══ Material shown ══
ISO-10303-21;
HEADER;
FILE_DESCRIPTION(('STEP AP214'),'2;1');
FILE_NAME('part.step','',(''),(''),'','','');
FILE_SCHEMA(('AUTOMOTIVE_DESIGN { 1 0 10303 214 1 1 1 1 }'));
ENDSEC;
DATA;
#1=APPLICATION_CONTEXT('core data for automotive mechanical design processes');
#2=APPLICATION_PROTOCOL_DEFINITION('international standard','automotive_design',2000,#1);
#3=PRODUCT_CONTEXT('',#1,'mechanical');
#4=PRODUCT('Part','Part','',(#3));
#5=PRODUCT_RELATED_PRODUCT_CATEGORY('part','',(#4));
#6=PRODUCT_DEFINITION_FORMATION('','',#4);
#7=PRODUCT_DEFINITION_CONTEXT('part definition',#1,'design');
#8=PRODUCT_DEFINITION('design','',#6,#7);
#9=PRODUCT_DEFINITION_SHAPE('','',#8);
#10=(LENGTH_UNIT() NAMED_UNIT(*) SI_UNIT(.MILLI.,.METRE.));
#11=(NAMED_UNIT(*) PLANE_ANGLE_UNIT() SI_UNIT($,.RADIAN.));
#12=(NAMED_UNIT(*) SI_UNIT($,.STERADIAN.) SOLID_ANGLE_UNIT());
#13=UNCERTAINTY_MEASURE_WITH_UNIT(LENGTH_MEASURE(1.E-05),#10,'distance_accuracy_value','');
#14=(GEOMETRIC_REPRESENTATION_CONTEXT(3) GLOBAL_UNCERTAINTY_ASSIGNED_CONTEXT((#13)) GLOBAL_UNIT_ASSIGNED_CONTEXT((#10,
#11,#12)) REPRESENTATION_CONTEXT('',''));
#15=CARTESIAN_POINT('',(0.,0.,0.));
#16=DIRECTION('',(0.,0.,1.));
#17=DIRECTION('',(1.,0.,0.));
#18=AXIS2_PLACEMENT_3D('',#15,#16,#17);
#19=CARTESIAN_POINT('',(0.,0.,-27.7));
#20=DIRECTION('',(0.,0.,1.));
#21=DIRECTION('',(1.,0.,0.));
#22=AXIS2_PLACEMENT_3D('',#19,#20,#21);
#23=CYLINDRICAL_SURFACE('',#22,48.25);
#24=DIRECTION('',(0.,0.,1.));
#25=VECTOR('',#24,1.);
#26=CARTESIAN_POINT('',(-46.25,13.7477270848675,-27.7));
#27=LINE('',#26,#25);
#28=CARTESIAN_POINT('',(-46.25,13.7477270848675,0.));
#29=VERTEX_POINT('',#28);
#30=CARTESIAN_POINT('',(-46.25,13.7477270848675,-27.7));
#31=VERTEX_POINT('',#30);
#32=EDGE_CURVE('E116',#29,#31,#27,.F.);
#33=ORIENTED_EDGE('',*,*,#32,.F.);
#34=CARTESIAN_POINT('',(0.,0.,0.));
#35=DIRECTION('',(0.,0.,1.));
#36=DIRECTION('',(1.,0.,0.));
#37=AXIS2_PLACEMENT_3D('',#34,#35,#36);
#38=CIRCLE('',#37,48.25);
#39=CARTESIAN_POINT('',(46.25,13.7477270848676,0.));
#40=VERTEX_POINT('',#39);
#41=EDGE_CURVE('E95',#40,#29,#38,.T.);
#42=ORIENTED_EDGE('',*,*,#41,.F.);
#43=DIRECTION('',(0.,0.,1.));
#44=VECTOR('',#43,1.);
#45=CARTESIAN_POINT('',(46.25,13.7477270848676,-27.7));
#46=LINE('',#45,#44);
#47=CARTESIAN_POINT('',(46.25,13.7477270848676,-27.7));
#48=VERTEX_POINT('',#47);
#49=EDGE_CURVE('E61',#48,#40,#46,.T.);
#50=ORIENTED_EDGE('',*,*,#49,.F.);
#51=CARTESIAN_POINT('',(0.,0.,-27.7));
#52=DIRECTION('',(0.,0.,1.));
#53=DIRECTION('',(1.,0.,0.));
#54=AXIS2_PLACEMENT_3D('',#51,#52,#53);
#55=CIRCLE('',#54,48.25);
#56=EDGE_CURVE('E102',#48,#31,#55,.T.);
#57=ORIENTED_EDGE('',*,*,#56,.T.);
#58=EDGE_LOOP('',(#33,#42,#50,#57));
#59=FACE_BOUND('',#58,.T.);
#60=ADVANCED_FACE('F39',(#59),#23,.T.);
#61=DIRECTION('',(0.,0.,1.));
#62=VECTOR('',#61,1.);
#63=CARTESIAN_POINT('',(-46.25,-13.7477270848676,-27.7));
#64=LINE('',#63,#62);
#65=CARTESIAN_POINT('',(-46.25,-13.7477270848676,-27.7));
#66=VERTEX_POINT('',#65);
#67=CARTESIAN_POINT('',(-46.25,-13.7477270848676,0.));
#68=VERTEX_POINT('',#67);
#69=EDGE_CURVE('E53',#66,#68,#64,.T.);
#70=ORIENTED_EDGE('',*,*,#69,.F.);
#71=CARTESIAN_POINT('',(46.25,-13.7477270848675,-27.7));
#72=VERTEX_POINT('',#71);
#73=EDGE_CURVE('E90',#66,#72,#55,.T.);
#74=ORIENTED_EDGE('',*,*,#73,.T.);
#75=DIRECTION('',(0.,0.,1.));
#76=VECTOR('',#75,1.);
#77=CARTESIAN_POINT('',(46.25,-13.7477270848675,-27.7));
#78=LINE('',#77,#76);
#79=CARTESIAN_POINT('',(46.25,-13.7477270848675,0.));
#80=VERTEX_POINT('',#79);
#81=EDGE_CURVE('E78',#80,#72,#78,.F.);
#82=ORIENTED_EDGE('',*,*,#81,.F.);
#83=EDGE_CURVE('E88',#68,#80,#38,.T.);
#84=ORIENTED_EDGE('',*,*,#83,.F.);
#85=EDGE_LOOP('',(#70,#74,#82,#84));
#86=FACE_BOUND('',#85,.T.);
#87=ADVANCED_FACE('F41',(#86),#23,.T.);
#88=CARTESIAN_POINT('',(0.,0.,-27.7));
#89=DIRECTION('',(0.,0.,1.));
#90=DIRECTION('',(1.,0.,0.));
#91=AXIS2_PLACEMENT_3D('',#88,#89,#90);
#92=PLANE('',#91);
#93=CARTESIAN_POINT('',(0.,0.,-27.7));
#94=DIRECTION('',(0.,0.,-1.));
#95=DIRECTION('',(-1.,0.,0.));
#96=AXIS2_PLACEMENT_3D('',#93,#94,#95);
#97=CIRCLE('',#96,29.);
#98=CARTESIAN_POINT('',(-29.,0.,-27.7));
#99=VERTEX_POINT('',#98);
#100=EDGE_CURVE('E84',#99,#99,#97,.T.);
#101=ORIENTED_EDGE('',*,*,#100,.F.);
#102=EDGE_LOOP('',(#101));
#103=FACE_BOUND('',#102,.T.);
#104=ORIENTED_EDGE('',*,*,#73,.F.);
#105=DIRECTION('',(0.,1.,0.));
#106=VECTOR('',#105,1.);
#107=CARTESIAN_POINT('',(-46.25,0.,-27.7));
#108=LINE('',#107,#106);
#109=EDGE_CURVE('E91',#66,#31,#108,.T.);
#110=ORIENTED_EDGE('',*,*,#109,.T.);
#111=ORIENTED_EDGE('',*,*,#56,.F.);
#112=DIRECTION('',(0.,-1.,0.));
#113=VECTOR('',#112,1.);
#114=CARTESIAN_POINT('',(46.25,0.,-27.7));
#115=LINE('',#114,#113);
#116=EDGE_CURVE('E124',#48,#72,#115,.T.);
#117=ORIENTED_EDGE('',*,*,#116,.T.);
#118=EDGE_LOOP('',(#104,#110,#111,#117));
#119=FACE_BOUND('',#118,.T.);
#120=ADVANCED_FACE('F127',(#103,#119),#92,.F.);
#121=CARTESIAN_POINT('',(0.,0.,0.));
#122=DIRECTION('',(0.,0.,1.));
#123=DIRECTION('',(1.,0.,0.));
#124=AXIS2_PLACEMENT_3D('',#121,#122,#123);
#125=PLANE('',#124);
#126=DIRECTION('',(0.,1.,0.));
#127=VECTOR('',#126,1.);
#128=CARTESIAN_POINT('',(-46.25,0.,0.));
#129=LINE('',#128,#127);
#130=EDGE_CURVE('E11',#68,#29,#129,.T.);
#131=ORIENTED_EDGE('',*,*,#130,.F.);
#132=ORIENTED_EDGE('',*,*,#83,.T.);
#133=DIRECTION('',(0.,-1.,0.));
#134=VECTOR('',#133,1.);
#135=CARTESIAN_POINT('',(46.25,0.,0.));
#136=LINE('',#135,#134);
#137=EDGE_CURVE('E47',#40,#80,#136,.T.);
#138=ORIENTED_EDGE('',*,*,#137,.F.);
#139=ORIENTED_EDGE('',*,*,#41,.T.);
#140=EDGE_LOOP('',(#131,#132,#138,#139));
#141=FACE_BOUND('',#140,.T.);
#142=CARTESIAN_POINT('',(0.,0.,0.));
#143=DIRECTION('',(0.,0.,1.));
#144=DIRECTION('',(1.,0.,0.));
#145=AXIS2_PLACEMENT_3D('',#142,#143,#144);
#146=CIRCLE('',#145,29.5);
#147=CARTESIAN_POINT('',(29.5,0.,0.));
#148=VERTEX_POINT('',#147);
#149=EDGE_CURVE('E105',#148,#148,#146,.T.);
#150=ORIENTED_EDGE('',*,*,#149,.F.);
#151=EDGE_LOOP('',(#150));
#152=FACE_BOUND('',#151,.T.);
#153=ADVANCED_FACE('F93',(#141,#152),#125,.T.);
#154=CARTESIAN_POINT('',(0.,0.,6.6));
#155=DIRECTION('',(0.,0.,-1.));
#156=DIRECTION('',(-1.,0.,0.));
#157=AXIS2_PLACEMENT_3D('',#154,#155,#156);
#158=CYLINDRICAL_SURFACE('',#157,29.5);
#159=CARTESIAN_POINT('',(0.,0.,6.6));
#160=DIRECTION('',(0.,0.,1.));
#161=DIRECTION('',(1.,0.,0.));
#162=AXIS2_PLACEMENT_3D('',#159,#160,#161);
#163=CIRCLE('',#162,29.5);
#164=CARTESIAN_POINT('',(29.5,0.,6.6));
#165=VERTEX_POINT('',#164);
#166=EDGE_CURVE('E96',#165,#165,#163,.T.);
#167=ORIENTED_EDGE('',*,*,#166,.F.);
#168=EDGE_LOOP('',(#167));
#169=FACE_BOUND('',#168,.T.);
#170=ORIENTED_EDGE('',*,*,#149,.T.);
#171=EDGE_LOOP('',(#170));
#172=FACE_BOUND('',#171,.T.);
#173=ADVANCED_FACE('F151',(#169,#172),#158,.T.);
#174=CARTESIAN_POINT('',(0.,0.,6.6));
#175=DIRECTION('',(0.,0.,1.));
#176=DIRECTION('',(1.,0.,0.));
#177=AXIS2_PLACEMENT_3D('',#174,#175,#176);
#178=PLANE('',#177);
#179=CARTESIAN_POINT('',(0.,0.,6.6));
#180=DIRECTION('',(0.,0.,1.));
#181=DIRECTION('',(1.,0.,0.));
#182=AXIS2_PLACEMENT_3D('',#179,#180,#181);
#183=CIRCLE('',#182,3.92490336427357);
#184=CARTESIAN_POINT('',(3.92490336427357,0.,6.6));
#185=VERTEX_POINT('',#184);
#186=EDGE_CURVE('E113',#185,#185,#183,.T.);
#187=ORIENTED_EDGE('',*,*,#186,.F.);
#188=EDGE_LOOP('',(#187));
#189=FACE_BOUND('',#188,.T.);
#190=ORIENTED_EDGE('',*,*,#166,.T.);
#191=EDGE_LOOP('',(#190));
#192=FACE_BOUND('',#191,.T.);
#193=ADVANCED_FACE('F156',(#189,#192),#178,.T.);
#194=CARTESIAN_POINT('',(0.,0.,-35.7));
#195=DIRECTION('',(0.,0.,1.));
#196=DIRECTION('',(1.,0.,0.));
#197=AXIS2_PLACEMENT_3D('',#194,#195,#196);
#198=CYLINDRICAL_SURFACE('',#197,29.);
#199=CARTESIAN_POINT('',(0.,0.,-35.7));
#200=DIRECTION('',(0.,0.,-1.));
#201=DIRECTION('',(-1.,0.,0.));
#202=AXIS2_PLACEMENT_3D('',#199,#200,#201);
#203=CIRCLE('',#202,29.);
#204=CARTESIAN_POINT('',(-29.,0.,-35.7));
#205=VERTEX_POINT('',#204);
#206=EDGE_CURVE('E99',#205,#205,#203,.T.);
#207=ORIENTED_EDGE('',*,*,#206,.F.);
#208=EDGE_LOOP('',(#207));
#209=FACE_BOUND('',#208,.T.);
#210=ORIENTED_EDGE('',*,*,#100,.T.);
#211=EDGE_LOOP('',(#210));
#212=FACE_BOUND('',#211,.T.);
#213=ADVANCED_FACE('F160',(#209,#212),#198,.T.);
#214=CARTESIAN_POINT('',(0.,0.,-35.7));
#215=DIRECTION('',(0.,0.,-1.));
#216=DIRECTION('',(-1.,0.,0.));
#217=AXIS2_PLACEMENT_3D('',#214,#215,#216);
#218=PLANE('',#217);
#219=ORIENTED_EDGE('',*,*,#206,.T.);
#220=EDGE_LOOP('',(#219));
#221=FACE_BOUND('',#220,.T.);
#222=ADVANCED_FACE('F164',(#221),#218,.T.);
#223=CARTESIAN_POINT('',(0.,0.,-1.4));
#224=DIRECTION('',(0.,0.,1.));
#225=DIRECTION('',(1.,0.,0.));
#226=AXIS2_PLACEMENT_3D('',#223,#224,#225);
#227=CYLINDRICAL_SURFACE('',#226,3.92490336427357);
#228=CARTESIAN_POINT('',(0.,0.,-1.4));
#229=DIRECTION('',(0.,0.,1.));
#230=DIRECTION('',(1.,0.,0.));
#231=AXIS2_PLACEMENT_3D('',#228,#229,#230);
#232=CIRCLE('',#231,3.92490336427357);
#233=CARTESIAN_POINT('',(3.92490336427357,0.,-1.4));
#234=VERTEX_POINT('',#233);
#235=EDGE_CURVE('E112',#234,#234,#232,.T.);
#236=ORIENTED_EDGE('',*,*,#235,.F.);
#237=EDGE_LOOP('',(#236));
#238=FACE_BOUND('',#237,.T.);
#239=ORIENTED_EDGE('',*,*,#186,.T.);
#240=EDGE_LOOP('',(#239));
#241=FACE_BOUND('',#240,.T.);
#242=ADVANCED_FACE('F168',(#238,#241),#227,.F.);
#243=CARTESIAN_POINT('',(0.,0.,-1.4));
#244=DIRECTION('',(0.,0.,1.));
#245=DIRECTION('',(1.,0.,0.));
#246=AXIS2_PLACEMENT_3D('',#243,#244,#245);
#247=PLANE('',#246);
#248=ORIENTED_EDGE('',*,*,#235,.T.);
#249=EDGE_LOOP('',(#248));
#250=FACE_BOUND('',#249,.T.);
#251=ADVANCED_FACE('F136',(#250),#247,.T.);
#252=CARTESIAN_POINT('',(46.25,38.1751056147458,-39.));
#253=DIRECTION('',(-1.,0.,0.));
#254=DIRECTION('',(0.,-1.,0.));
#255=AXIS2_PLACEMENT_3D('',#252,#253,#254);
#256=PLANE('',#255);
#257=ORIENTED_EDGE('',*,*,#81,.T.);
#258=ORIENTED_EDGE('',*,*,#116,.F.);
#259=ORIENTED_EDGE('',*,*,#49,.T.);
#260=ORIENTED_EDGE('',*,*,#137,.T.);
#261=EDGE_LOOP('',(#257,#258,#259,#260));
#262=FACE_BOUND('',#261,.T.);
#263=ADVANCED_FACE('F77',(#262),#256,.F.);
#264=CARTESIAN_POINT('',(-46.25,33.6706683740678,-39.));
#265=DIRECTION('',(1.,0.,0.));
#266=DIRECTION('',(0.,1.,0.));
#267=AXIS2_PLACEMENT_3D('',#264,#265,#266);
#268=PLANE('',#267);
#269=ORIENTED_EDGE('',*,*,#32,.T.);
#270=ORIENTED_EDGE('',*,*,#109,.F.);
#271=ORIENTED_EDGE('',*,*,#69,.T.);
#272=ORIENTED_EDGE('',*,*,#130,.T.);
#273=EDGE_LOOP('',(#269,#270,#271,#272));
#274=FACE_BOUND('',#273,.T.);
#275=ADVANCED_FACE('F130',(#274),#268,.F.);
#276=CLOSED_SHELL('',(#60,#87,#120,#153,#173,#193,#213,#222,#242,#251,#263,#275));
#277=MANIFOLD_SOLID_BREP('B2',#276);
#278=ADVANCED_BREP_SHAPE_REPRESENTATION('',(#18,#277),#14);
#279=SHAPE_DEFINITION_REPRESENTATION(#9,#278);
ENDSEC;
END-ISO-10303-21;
═══
Work instruction => Give back exactly the lines above starting at the line where "#130=EDGE_CURVE('E11',#68,#29,#129,.T.);" appears and ending at the line where "#155=DIRECTION('',(0.,0.,-1.));" appears, both included, with no other lines.

Finished task =>
#130=EDGE_CURVE('E11',#68,#29,#129,.T.);
#131=ORIENTED_EDGE('',*,*,#130,.F.);
#132=ORIENTED_EDGE('',*,*,#83,.T.);
#133=DIRECTION('',(0.,-1.,0.));
#134=VECTOR('',#133,1.);
#135=CARTESIAN_POINT('',(46.25,0.,0.));
#136=LINE('',#135,#134);
#137=EDGE_CURVE('E47',#40,#80,#136,.T.);
#138=ORIENTED_EDGE('',*,*,#137,.F.);
#139=ORIENTED_EDGE('',*,*,#41,.T.);
#140=EDGE_LOOP('',(#131,#132,#138,#139));
#141=FACE_BOUND('',#140,.T.);
#142=CARTESIAN_POINT('',(0.,0.,0.));
#143=DIRECTION('',(0.,0.,1.));
#144=DIRECTION('',(1.,0.,0.));
#145=AXIS2_PLACEMENT_3D('',#142,#143,#144);
#146=CIRCLE('',#145,29.5);
#147=CARTESIAN_POINT('',(29.5,0.,0.));
#148=VERTEX_POINT('',#147);
#149=EDGE_CURVE('E105',#148,#148,#146,.T.);
#150=ORIENTED_EDGE('',*,*,#149,.F.);
#151=EDGE_LOOP('',(#150));
#152=FACE_BOUND('',#151,.T.);
#153=ADVANCED_FACE('F93',(#141,#152),#125,.T.);
#154=CARTESIAN_POINT('',(0.,0.,6.6));
#155=DIRECTION('',(0.,0.,-1.));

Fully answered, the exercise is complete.